-------- SOURCE MATERIAL

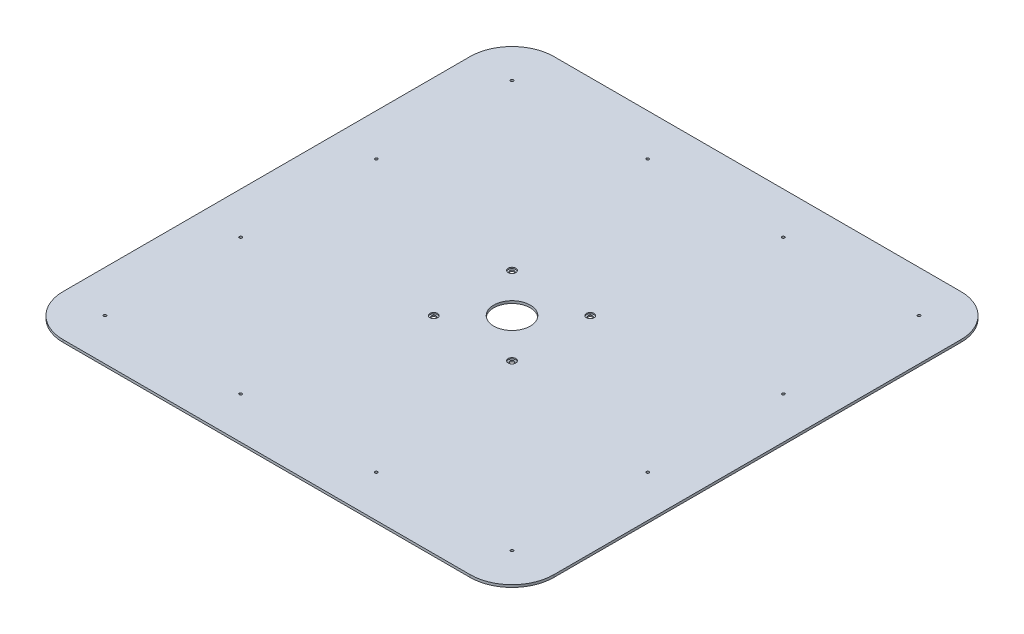
ISO-10303-21;
HEADER;
FILE_DESCRIPTION(('STEP AP214'),'2;1');
FILE_NAME('part.step','',(''),(''),'','','');
FILE_SCHEMA(('AUTOMOTIVE_DESIGN { 1 0 10303 214 1 1 1 1 }'));
ENDSEC;
DATA;
#1=APPLICATION_CONTEXT('core data for automotive mechanical design processes');
#2=APPLICATION_PROTOCOL_DEFINITION('international standard','automotive_design',2000,#1);
#3=PRODUCT_CONTEXT('',#1,'mechanical');
#4=PRODUCT('Part','Part','',(#3));
#5=PRODUCT_RELATED_PRODUCT_CATEGORY('part','',(#4));
#6=PRODUCT_DEFINITION_FORMATION('','',#4);
#7=PRODUCT_DEFINITION_CONTEXT('part definition',#1,'design');
#8=PRODUCT_DEFINITION('design','',#6,#7);
#9=PRODUCT_DEFINITION_SHAPE('','',#8);
#10=(LENGTH_UNIT() NAMED_UNIT(*) SI_UNIT(.MILLI.,.METRE.));
#11=(NAMED_UNIT(*) PLANE_ANGLE_UNIT() SI_UNIT($,.RADIAN.));
#12=(NAMED_UNIT(*) SI_UNIT($,.STERADIAN.) SOLID_ANGLE_UNIT());
#13=UNCERTAINTY_MEASURE_WITH_UNIT(LENGTH_MEASURE(1.E-05),#10,'distance_accuracy_value','');
#14=(GEOMETRIC_REPRESENTATION_CONTEXT(3) GLOBAL_UNCERTAINTY_ASSIGNED_CONTEXT((#13)) GLOBAL_UNIT_ASSIGNED_CONTEXT((#10,
#11,#12)) REPRESENTATION_CONTEXT('',''));
#15=CARTESIAN_POINT('',(0.,0.,0.));
#16=DIRECTION('',(0.,0.,1.));
#17=DIRECTION('',(1.,0.,0.));
#18=AXIS2_PLACEMENT_3D('',#15,#16,#17);
#19=CARTESIAN_POINT('',(-47.625,1.5,47.625));
#20=DIRECTION('',(0.,1.,0.));
#21=DIRECTION('',(0.,0.,1.));
#22=AXIS2_PLACEMENT_3D('',#19,#20,#21);
#23=CYLINDRICAL_SURFACE('',#22,4.699);
#24=CARTESIAN_POINT('',(-47.625,3.,47.625));
#25=DIRECTION('',(0.,1.,0.));
#26=DIRECTION('',(0.,0.,1.));
#27=AXIS2_PLACEMENT_3D('',#24,#25,#26);
#28=CIRCLE('',#27,4.699);
#29=CARTESIAN_POINT('',(-47.625,3.,52.324));
#30=VERTEX_POINT('',#29);
#31=EDGE_CURVE('E244',#30,#30,#28,.F.);
#32=ORIENTED_EDGE('',*,*,#31,.F.);
#33=EDGE_LOOP('',(#32));
#34=FACE_BOUND('',#33,.T.);
#35=CARTESIAN_POINT('',(-47.625,1.5,47.625));
#36=DIRECTION('',(0.,1.,0.));
#37=DIRECTION('',(0.,0.,1.));
#38=AXIS2_PLACEMENT_3D('',#35,#36,#37);
#39=CIRCLE('',#38,4.699);
#40=CARTESIAN_POINT('',(-47.625,1.5,52.324));
#41=VERTEX_POINT('',#40);
#42=EDGE_CURVE('E19',#41,#41,#39,.T.);
#43=ORIENTED_EDGE('',*,*,#42,.F.);
#44=EDGE_LOOP('',(#43));
#45=FACE_BOUND('',#44,.T.);
#46=ADVANCED_FACE('F16',(#34,#45),#23,.F.);
#47=CARTESIAN_POINT('',(47.625,1.5,47.625));
#48=DIRECTION('',(0.,1.,0.));
#49=DIRECTION('',(0.,0.,1.));
#50=AXIS2_PLACEMENT_3D('',#47,#48,#49);
#51=CYLINDRICAL_SURFACE('',#50,4.699);
#52=CARTESIAN_POINT('',(47.625,3.,47.625));
#53=DIRECTION('',(0.,1.,0.));
#54=DIRECTION('',(0.,0.,1.));
#55=AXIS2_PLACEMENT_3D('',#52,#53,#54);
#56=CIRCLE('',#55,4.699);
#57=CARTESIAN_POINT('',(47.625,3.,52.324));
#58=VERTEX_POINT('',#57);
#59=EDGE_CURVE('E241',#58,#58,#56,.F.);
#60=ORIENTED_EDGE('',*,*,#59,.F.);
#61=EDGE_LOOP('',(#60));
#62=FACE_BOUND('',#61,.T.);
#63=CARTESIAN_POINT('',(47.625,1.5,47.625));
#64=DIRECTION('',(0.,1.,0.));
#65=DIRECTION('',(0.,0.,1.));
#66=AXIS2_PLACEMENT_3D('',#63,#64,#65);
#67=CIRCLE('',#66,4.699);
#68=CARTESIAN_POINT('',(47.625,1.5,52.324));
#69=VERTEX_POINT('',#68);
#70=EDGE_CURVE('E252',#69,#69,#67,.T.);
#71=ORIENTED_EDGE('',*,*,#70,.F.);
#72=EDGE_LOOP('',(#71));
#73=FACE_BOUND('',#72,.T.);
#74=ADVANCED_FACE('F262',(#62,#73),#51,.F.);
#75=CARTESIAN_POINT('',(47.625,1.5,-47.625));
#76=DIRECTION('',(0.,1.,0.));
#77=DIRECTION('',(0.,0.,1.));
#78=AXIS2_PLACEMENT_3D('',#75,#76,#77);
#79=CYLINDRICAL_SURFACE('',#78,4.699);
#80=CARTESIAN_POINT('',(47.625,3.,-47.625));
#81=DIRECTION('',(0.,1.,0.));
#82=DIRECTION('',(0.,0.,1.));
#83=AXIS2_PLACEMENT_3D('',#80,#81,#82);
#84=CIRCLE('',#83,4.699);
#85=CARTESIAN_POINT('',(47.625,3.,-42.926));
#86=VERTEX_POINT('',#85);
#87=EDGE_CURVE('E238',#86,#86,#84,.F.);
#88=ORIENTED_EDGE('',*,*,#87,.F.);
#89=EDGE_LOOP('',(#88));
#90=FACE_BOUND('',#89,.T.);
#91=CARTESIAN_POINT('',(47.625,1.5,-47.625));
#92=DIRECTION('',(0.,1.,0.));
#93=DIRECTION('',(0.,0.,1.));
#94=AXIS2_PLACEMENT_3D('',#91,#92,#93);
#95=CIRCLE('',#94,4.699);
#96=CARTESIAN_POINT('',(47.625,1.5,-42.926));
#97=VERTEX_POINT('',#96);
#98=EDGE_CURVE('E250',#97,#97,#95,.T.);
#99=ORIENTED_EDGE('',*,*,#98,.F.);
#100=EDGE_LOOP('',(#99));
#101=FACE_BOUND('',#100,.T.);
#102=ADVANCED_FACE('F268',(#90,#101),#79,.F.);
#103=CARTESIAN_POINT('',(-47.625,1.5,-47.625));
#104=DIRECTION('',(0.,1.,0.));
#105=DIRECTION('',(0.,0.,1.));
#106=AXIS2_PLACEMENT_3D('',#103,#104,#105);
#107=CYLINDRICAL_SURFACE('',#106,4.699);
#108=CARTESIAN_POINT('',(-47.625,3.,-47.625));
#109=DIRECTION('',(0.,1.,0.));
#110=DIRECTION('',(0.,0.,1.));
#111=AXIS2_PLACEMENT_3D('',#108,#109,#110);
#112=CIRCLE('',#111,4.699);
#113=CARTESIAN_POINT('',(-47.625,3.,-42.926));
#114=VERTEX_POINT('',#113);
#115=EDGE_CURVE('E235',#114,#114,#112,.F.);
#116=ORIENTED_EDGE('',*,*,#115,.F.);
#117=EDGE_LOOP('',(#116));
#118=FACE_BOUND('',#117,.T.);
#119=CARTESIAN_POINT('',(-47.625,1.5,-47.625));
#120=DIRECTION('',(0.,1.,0.));
#121=DIRECTION('',(0.,0.,1.));
#122=AXIS2_PLACEMENT_3D('',#119,#120,#121);
#123=CIRCLE('',#122,4.699);
#124=CARTESIAN_POINT('',(-47.625,1.5,-42.926));
#125=VERTEX_POINT('',#124);
#126=EDGE_CURVE('E247',#125,#125,#123,.T.);
#127=ORIENTED_EDGE('',*,*,#126,.F.);
#128=EDGE_LOOP('',(#127));
#129=FACE_BOUND('',#128,.T.);
#130=ADVANCED_FACE('F393',(#118,#129),#107,.F.);
#131=CARTESIAN_POINT('',(-47.625,1.5,47.625));
#132=DIRECTION('',(0.,1.,0.));
#133=DIRECTION('',(0.,0.,1.));
#134=AXIS2_PLACEMENT_3D('',#131,#132,#133);
#135=PLANE('',#134);
#136=CARTESIAN_POINT('',(-47.625,1.5,47.625));
#137=DIRECTION('',(0.,1.,0.));
#138=DIRECTION('',(0.,0.,1.));
#139=AXIS2_PLACEMENT_3D('',#136,#137,#138);
#140=CIRCLE('',#139,2.667);
#141=CARTESIAN_POINT('',(-47.625,1.5,50.292));
#142=VERTEX_POINT('',#141);
#143=EDGE_CURVE('E232',#142,#142,#140,.F.);
#144=ORIENTED_EDGE('',*,*,#143,.T.);
#145=EDGE_LOOP('',(#144));
#146=FACE_BOUND('',#145,.T.);
#147=ORIENTED_EDGE('',*,*,#42,.T.);
#148=EDGE_LOOP('',(#147));
#149=FACE_BOUND('',#148,.T.);
#150=ADVANCED_FACE('F259',(#146,#149),#135,.T.);
#151=CARTESIAN_POINT('',(47.625,1.5,47.625));
#152=DIRECTION('',(0.,1.,0.));
#153=DIRECTION('',(0.,0.,1.));
#154=AXIS2_PLACEMENT_3D('',#151,#152,#153);
#155=PLANE('',#154);
#156=CARTESIAN_POINT('',(47.625,1.5,47.625));
#157=DIRECTION('',(0.,1.,0.));
#158=DIRECTION('',(0.,0.,1.));
#159=AXIS2_PLACEMENT_3D('',#156,#157,#158);
#160=CIRCLE('',#159,2.667);
#161=CARTESIAN_POINT('',(47.625,1.5,50.292));
#162=VERTEX_POINT('',#161);
#163=EDGE_CURVE('E229',#162,#162,#160,.F.);
#164=ORIENTED_EDGE('',*,*,#163,.T.);
#165=EDGE_LOOP('',(#164));
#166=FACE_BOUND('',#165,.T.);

----------------

WHAT TO DO> Copy out nothing but the lines from the beginning of the records through the one that contains "#3=PRODUCT_CONTEXT('',#1,'mechanical');". Skip the pictures.

RESPONSE AREA>
ISO-10303-21;
HEADER;
FILE_DESCRIPTION(('STEP AP214'),'2;1');
FILE_NAME('part.step','',(''),(''),'','','');
FILE_SCHEMA(('AUTOMOTIVE_DESIGN { 1 0 10303 214 1 1 1 1 }'));
ENDSEC;
DATA;
#1=APPLICATION_CONTEXT('core data for automotive mechanical design processes');
#2=APPLICATION_PROTOCOL_DEFINITION('international standard','automotive_design',2000,#1);
#3=PRODUCT_CONTEXT('',#1,'mechanical');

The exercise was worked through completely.